Posted By: Mike HolmesThis leads me to an observation about recovery. I always hate it when I am penalized in recovery for having high levels of ability. Why does a "Cure Light Wounds" help that first level guy proportionally so much more than me when I'm tenth level? Balance? OK, but it doesn't make a lot of sense.
Posted By: Mike HolmesGenerally speaking, how much lattitude to characters have in ability use, and changing them? What if, instead of resting, while I'm circling you, I'm actually using my tactics skill to try to find an opening (represented by advantage shift)?
Posted By: Mike HolmesWhat if, my agility having been reduced to nothing, I decided to fall back on trying to convince my opponents that they ought to join my side!
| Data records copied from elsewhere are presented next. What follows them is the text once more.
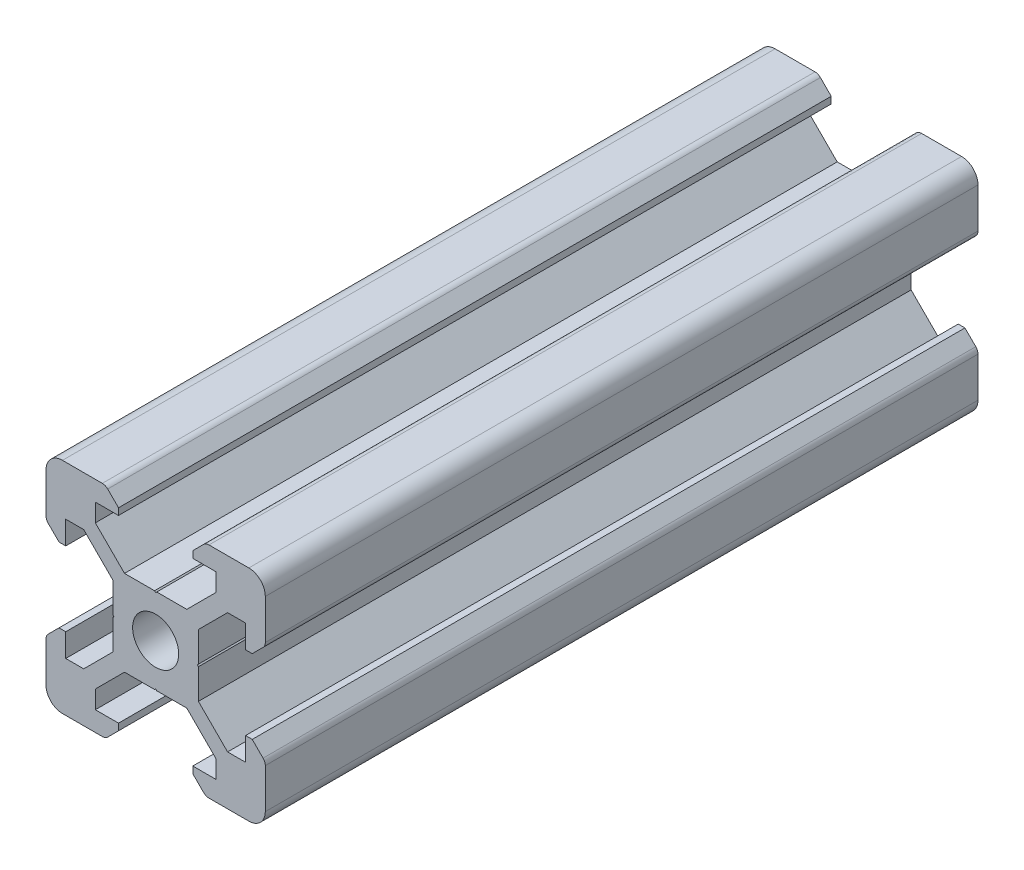
from build123d import *

# Parameters (mm, degrees)
SKETCH1_R           = 2.1
BOSS_EXTRUDE1_DEPTH = 65


with BuildPart() as part:
    # Sketch1 → Boss-Extrude1 (new body)
    with BuildSketch(Plane.XY):
        with BuildLine():
            Line((-8.5, 10), (-4.862792737, 10))
            ThreePointArc((-4.862792737, 10), (-4.598292737, 9.947387679), (-4.374060464, 9.797560464))
            Line((-4.374060464, 9.797560464), (-3.3865, 8.81))
            Line((-3.3865, 8.81), (-3.3865, 8.2))
            Line((-3.3865, 8.2), (-5.5, 8.2))
            Line((-5.5, 8.2), (-5.5, 6.561))
            Line((-5.5, 6.561), (-2.8395, 3.9005))
            Line((-2.8395, 3.9005), (-0.1, 3.9005))
            Line((-0.1, 3.9005), (0, 3.8005))
            Line((0, 3.8005), (0.1, 3.9005))
            Line((0.1, 3.9005), (2.8395, 3.9005))
            Line((2.8395, 3.9005), (5.5, 6.561))
            Line((5.5, 6.561), (5.5, 8.2))
            Line((5.5, 8.2), (3.3865, 8.2))
            Line((3.3865, 8.2), (3.3865, 8.81))
            Line((3.3865, 8.81), (4.374060464, 9.797560464))
            ThreePointArc((4.374060464, 9.797560464), (4.598292737, 9.947387679), (4.862792737, 10))
            Line((4.862792737, 10), (8.5, 10))
            ThreePointArc((8.5, 10), (9.560660172, 9.560660172), (10, 8.5))
            Line((10, 8.5), (10, 4.862792737))
            ThreePointArc((10, 4.862792737), (9.947387679, 4.598292737), (9.797560464, 4.374060464))
            Line((9.797560464, 4.374060464), (8.81, 3.3865))
            Line((8.81, 3.3865), (8.2, 3.3865))
            Line((8.2, 3.3865), (8.2, 5.5))
            Line((8.2, 5.5), (6.561, 5.5))
            Line((6.561, 5.5), (3.9005, 2.8395))
            Line((3.9005, 2.8395), (3.9005, 0.1))
            Line((3.9005, 0.1), (3.8005, 0))
            Line((3.8005, 0), (3.9005, -0.1))
            Line((3.9005, -0.1), (3.9005, -2.8395))
            Line((3.9005, -2.8395), (6.561, -5.5))
            Line((6.561, -5.5), (8.2, -5.5))
            Line((8.2, -5.5), (8.2, -3.3865))
            Line((8.2, -3.3865), (8.81, -3.3865))
            Line((8.81, -3.3865), (9.797560464, -4.374060464))
            ThreePointArc((9.797560464, -4.374060464), (9.947387679, -4.598292737), (10, -4.862792737))
            Line((10, -4.862792737), (10, -8.5))
            ThreePointArc((10, -8.5), (9.560660172, -9.560660172), (8.5, -10))
            Line((8.5, -10), (4.862792737, -10))
            ThreePointArc((4.862792737, -10), (4.598292737, -9.947387679), (4.374060464, -9.797560464))
            Line((4.374060464, -9.797560464), (3.3865, -8.81))
            Line((3.3865, -8.81), (3.3865, -8.2))
            Line((3.3865, -8.2), (5.5, -8.2))
            Line((5.5, -8.2), (5.5, -6.561))
            Line((5.5, -6.561), (2.8395, -3.9005))
            Line((2.8395, -3.9005), (0.1, -3.9005))
            Line((0.1, -3.9005), (0, -3.8005))
            Line((0, -3.8005), (-0.1, -3.9005))
            Line((-0.1, -3.9005), (-2.8395, -3.9005))
            Line((-2.8395, -3.9005), (-5.5, -6.561))
            Line((-5.5, -6.561), (-5.5, -8.2))
            Line((-5.5, -8.2), (-3.3865, -8.2))
            Line((-3.3865, -8.2), (-3.3865, -8.81))
            Line((-3.3865, -8.81), (-4.374060464, -9.797560464))
            ThreePointArc((-4.374060464, -9.797560464), (-4.598292737, -9.947387679), (-4.862792737, -10))
            Line((-4.862792737, -10), (-8.5, -10))
            ThreePointArc((-8.5, -10), (-9.560660172, -9.560660172), (-10, -8.5))
            Line((-10, -8.5), (-10, -4.862792737))
            ThreePointArc((-10, -4.862792737), (-9.947387679, -4.598292737), (-9.797560464, -4.374060464))
            Line((-9.797560464, -4.374060464), (-8.81, -3.3865))
            Line((-8.81, -3.3865), (-8.2, -3.3865))
            Line((-8.2, -3.3865), (-8.2, -5.5))
            Line((-8.2, -5.5), (-6.561, -5.5))
            Line((-6.561, -5.5), (-3.9005, -2.8395))
            Line((-3.9005, -2.8395), (-3.9005, -0.1))
            Line((-3.9005, -0.1), (-3.8005, 0))
            Line((-3.8005, 0), (-3.9005, 0.1))
            Line((-3.9005, 0.1), (-3.9005, 2.8395))
            Line((-3.9005, 2.8395), (-6.561, 5.5))
            Line((-6.561, 5.5), (-8.2, 5.5))
            Line((-8.2, 5.5), (-8.2, 3.3865))
            Line((-8.2, 3.3865), (-8.81, 3.3865))
            Line((-8.81, 3.3865), (-9.797560464, 4.374060464))
            ThreePointArc((-9.797560464, 4.374060464), (-9.947387679, 4.598292737), (-10, 4.862792737))
            Line((-10, 4.862792737), (-10, 8.5))
            ThreePointArc((-10, 8.5), (-9.560660172, 9.560660172), (-8.5, 10))
        make_face()
        Circle(SKETCH1_R, mode=Mode.SUBTRACT)
    extrude(amount=BOSS_EXTRUDE1_DEPTH)


solid = part.part

Posted By: Mike HolmesCan you switch tactics in a fight, such that you can use other stats? If so, then the skill damage becomes more pressurizing, and less a winning move. Maybe I can prevent physical harm, but then I might be subject to being convinced to stop attacking with words?
Posted By: Mike HolmesI'm not seeing how Michael's use of FUDGE dice solved his problem... didn't he still whif close to 50% of the time? (The bell curve on fudge dice only slants things slightly to zero in the overall curve). In any case, a rough, but simple solution to this, is to roll two dice, and take the lowest.
Posted By: Mike HolmesHmm.... you're thinking of recovery as a physical thing... I can do something mental while I recover physical stats. But... if I'm fighting, I'm not using my mental ability... doesn't that imply that I should be able to recover those? Basically every character gets to recover one stat (at half or whatever) each turn, so long as he's not currently using it?
Posted By: Mike HolmesThat seems elegant. How about the player can forgo the roll, and get a full recovery of one stat? The half-recovery only occurs if the character also does something else.
Posted By: Mike HolmesYes, definitely killing damage needs to have the character out of conflict to resolve. This is to make it a more important goal. But I fear that it makes stat damage too weak.
Posted By: Mike HolmesAgain, what if you have long-term and short-term stat damage? That is, whenever you recover in a fight, you can only at best recover up to stat -1 (that one irreparable point representing longer lasting effects of the damage). To get back that last point, like healing killing damage, you have to get out of the conflict, and have some ability that can take care of that damage.
Posted By: Mike HolmesThe issue now with "switching tactics" is that as you have it... is there ever any reason for a character to use anything but his highest ability? Is there any penalty for using words in a sword-fight? Or for trying to use a sword in an debate? Are certain goals only achievable with certain abities?